* **DATA FOR REVIEW**:
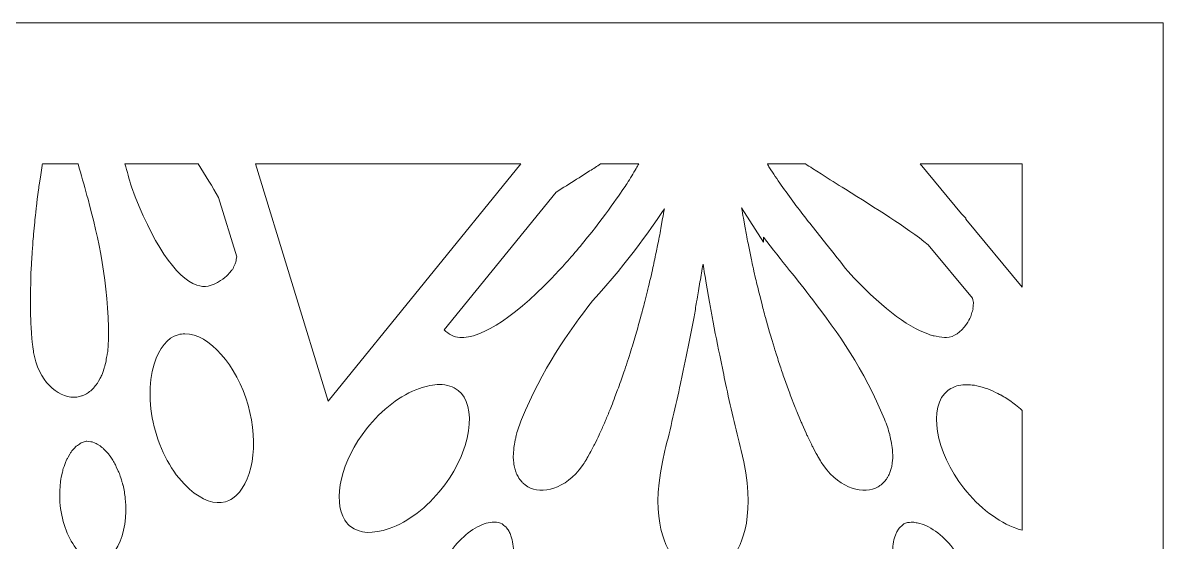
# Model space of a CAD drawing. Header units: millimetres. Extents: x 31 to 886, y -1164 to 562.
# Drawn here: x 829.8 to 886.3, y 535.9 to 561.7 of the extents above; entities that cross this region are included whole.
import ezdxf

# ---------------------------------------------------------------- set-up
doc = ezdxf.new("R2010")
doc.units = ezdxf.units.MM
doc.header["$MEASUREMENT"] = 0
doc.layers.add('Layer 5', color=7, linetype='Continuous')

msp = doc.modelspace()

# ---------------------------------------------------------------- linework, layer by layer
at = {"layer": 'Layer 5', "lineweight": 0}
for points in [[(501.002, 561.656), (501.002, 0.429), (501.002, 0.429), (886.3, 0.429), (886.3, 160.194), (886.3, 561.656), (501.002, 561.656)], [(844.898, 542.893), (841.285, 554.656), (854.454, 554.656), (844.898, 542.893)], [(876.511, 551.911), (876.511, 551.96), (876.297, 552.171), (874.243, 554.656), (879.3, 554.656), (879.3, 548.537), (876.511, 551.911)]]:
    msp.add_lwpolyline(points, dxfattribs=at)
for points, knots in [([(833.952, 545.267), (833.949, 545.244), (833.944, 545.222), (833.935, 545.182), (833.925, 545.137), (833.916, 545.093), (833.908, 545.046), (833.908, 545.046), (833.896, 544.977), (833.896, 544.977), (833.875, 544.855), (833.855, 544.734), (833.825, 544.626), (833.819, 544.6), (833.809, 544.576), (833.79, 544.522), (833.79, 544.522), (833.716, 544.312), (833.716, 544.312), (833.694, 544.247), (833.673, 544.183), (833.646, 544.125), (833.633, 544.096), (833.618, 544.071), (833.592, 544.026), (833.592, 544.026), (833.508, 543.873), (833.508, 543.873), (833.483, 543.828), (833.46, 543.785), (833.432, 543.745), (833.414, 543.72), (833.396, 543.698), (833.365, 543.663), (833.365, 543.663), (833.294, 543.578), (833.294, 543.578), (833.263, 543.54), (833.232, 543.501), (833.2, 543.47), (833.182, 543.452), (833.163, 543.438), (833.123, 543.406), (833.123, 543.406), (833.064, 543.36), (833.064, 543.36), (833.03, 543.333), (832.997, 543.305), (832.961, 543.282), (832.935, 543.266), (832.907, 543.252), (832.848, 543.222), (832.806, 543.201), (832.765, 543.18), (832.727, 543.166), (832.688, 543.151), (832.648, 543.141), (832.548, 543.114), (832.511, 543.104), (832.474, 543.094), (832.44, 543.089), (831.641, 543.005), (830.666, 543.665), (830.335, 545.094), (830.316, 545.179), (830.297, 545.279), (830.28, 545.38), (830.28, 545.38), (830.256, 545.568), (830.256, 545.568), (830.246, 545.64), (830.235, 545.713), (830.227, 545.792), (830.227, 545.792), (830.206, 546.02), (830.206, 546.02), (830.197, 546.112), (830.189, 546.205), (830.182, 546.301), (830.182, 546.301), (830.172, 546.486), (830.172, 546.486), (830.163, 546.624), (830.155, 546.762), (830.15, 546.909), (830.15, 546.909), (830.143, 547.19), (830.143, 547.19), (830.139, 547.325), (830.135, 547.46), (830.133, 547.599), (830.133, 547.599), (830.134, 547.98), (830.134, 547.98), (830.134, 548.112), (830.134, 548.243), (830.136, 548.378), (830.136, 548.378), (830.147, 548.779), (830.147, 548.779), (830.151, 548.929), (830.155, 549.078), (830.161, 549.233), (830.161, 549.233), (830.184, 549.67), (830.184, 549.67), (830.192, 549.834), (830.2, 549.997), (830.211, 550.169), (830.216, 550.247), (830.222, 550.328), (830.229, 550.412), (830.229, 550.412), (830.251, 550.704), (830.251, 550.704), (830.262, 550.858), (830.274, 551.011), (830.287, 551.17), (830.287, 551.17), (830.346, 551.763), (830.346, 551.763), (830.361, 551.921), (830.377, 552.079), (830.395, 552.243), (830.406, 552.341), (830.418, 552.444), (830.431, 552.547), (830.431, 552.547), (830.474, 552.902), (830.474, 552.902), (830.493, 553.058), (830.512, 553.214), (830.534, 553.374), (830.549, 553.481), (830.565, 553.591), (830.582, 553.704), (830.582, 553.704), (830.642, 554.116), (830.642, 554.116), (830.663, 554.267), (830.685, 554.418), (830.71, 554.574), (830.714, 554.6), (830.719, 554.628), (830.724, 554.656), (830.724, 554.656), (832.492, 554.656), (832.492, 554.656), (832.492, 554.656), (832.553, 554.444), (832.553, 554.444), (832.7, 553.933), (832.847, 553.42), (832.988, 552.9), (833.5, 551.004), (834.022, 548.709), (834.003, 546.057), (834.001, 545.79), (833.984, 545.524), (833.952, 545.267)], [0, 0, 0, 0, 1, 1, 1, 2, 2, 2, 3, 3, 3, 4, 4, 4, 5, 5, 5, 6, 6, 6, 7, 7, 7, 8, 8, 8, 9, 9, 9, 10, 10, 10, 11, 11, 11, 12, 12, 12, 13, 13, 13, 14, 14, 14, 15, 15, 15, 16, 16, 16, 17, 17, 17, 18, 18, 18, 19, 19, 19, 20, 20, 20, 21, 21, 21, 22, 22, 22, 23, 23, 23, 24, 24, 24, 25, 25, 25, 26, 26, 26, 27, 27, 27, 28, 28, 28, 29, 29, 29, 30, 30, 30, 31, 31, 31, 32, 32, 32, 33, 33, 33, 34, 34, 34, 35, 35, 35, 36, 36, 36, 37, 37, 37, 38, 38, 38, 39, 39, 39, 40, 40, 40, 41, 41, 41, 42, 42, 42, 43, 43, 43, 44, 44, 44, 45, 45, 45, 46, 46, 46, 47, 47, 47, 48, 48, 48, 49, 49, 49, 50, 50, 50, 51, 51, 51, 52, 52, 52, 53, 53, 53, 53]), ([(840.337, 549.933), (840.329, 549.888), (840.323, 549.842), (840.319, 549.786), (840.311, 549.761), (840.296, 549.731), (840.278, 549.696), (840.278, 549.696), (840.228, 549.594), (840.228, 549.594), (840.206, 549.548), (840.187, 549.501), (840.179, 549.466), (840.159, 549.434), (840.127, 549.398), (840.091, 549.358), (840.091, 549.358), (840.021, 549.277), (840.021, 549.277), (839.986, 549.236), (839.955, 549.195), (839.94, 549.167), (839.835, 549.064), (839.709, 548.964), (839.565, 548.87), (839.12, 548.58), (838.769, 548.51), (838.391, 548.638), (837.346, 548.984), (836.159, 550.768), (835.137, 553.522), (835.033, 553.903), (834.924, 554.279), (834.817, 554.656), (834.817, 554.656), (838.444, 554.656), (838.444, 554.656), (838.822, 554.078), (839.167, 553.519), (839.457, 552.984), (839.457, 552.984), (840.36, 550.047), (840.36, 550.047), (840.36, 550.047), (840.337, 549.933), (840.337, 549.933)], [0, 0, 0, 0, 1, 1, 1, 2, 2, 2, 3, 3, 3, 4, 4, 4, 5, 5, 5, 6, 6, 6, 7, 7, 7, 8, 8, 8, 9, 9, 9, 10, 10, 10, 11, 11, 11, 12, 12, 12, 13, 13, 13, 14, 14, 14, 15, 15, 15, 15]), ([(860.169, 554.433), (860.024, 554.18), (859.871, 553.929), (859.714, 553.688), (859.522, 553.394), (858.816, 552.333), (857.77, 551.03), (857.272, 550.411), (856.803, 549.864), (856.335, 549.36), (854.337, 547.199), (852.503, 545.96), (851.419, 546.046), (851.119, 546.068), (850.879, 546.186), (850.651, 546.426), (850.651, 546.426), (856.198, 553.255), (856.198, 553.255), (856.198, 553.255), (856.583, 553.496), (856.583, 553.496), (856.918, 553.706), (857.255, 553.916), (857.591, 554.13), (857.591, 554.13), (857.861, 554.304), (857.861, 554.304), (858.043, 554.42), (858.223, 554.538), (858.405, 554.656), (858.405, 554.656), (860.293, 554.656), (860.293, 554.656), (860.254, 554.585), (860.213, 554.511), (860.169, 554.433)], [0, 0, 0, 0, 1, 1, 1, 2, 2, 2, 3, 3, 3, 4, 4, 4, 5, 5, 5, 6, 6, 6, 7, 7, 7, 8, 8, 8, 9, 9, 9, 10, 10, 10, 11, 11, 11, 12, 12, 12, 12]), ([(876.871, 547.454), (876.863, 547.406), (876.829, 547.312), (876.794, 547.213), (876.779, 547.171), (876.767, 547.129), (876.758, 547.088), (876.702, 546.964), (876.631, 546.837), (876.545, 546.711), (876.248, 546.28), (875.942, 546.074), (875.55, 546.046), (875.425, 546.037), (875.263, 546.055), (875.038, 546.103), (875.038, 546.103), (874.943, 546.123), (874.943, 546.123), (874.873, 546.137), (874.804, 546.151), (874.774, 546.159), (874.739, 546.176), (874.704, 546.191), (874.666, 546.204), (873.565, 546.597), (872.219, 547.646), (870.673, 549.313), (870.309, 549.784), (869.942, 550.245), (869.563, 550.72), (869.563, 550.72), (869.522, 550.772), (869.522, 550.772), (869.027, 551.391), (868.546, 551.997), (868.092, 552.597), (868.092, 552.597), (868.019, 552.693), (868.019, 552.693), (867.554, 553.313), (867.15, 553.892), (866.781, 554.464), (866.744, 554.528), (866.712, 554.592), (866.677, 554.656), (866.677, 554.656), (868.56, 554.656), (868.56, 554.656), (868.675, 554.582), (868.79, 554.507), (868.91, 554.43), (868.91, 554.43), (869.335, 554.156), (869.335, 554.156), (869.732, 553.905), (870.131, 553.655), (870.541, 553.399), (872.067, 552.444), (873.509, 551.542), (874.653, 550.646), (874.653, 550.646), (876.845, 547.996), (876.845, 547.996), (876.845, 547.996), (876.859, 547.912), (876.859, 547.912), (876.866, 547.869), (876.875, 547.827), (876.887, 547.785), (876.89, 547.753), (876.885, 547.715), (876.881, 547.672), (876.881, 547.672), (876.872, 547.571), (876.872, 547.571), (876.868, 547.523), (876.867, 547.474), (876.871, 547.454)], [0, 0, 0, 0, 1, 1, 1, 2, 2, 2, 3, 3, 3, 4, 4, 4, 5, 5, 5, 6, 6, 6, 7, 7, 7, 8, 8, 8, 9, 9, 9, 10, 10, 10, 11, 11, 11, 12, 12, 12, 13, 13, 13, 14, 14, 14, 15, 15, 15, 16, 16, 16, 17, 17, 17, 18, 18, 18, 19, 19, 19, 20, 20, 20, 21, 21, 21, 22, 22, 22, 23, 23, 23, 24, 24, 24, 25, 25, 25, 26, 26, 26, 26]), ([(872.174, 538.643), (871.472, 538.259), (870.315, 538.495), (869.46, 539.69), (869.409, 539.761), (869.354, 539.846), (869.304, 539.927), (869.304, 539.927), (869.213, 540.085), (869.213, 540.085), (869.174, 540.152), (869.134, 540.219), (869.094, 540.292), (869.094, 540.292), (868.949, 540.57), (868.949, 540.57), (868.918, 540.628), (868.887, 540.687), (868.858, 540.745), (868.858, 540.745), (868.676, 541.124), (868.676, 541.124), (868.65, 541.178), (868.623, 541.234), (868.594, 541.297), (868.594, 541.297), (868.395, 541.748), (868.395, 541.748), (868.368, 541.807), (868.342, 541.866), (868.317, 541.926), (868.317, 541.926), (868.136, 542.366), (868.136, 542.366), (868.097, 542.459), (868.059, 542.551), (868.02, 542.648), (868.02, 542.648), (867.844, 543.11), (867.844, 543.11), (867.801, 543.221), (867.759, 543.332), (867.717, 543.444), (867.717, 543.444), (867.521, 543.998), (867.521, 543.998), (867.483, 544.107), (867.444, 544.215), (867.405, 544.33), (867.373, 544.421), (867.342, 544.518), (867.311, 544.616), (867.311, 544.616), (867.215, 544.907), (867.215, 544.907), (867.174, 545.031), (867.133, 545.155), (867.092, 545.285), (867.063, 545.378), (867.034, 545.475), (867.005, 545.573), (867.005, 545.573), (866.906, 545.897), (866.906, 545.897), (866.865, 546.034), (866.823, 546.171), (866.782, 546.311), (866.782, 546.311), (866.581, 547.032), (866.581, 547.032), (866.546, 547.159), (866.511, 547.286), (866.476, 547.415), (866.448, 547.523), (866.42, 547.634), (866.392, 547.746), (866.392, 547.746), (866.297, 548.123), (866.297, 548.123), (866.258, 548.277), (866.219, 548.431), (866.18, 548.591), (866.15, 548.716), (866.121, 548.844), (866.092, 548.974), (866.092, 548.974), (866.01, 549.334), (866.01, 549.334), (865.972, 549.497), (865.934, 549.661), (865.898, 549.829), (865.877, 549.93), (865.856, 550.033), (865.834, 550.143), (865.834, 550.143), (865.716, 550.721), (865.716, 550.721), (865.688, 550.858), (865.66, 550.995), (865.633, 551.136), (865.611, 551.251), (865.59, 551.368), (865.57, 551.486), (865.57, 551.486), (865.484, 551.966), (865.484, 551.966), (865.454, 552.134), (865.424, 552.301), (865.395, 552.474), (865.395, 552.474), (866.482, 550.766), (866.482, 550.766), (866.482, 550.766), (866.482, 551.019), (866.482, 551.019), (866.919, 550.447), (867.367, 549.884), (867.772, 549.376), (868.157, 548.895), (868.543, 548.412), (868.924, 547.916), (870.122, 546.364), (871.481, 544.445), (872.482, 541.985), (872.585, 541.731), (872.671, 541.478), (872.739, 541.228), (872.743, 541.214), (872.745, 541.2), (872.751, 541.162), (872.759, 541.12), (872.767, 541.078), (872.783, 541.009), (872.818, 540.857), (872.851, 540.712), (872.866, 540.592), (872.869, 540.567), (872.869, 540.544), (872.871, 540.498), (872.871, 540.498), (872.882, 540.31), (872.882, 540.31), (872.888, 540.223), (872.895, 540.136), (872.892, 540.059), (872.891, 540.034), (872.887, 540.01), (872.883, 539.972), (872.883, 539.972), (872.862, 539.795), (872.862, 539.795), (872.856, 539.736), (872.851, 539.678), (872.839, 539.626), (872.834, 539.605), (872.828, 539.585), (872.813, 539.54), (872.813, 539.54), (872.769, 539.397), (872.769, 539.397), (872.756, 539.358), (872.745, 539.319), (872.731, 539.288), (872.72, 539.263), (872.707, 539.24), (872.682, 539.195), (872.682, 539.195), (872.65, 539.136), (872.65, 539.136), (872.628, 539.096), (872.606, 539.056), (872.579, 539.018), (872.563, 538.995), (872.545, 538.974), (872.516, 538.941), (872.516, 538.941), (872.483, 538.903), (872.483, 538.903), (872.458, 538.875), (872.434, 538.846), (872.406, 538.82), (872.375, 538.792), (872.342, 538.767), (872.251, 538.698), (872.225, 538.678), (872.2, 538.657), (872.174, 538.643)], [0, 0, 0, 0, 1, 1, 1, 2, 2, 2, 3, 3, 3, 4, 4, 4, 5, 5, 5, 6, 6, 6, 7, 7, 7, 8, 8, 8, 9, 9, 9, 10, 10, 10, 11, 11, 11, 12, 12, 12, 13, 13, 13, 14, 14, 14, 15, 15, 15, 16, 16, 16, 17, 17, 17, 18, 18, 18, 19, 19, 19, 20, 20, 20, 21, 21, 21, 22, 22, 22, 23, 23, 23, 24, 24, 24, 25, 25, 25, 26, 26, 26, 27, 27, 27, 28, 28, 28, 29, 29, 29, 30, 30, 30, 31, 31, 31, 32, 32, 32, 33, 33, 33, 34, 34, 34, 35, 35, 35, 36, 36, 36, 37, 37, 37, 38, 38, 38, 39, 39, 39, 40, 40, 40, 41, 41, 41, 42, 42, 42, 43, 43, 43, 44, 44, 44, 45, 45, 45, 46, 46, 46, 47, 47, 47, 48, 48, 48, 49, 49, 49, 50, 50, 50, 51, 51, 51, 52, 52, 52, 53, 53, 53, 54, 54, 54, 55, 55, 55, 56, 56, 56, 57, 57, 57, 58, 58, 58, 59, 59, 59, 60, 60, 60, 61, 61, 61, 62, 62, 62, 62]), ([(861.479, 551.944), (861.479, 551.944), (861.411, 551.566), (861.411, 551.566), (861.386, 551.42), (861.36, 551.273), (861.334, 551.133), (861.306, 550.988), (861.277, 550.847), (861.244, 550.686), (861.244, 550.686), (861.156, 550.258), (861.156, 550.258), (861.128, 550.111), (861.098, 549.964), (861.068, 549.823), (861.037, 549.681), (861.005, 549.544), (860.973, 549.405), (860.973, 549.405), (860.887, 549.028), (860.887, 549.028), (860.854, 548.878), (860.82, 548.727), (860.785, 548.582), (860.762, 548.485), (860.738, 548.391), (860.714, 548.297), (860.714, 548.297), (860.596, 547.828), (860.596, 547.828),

* **WHAT THE TASK REQUIRES**:
State the count of lines holding the string "ezdxf" in the listing above, and nothing else.

* **PROBLEM SOLUTION**:
3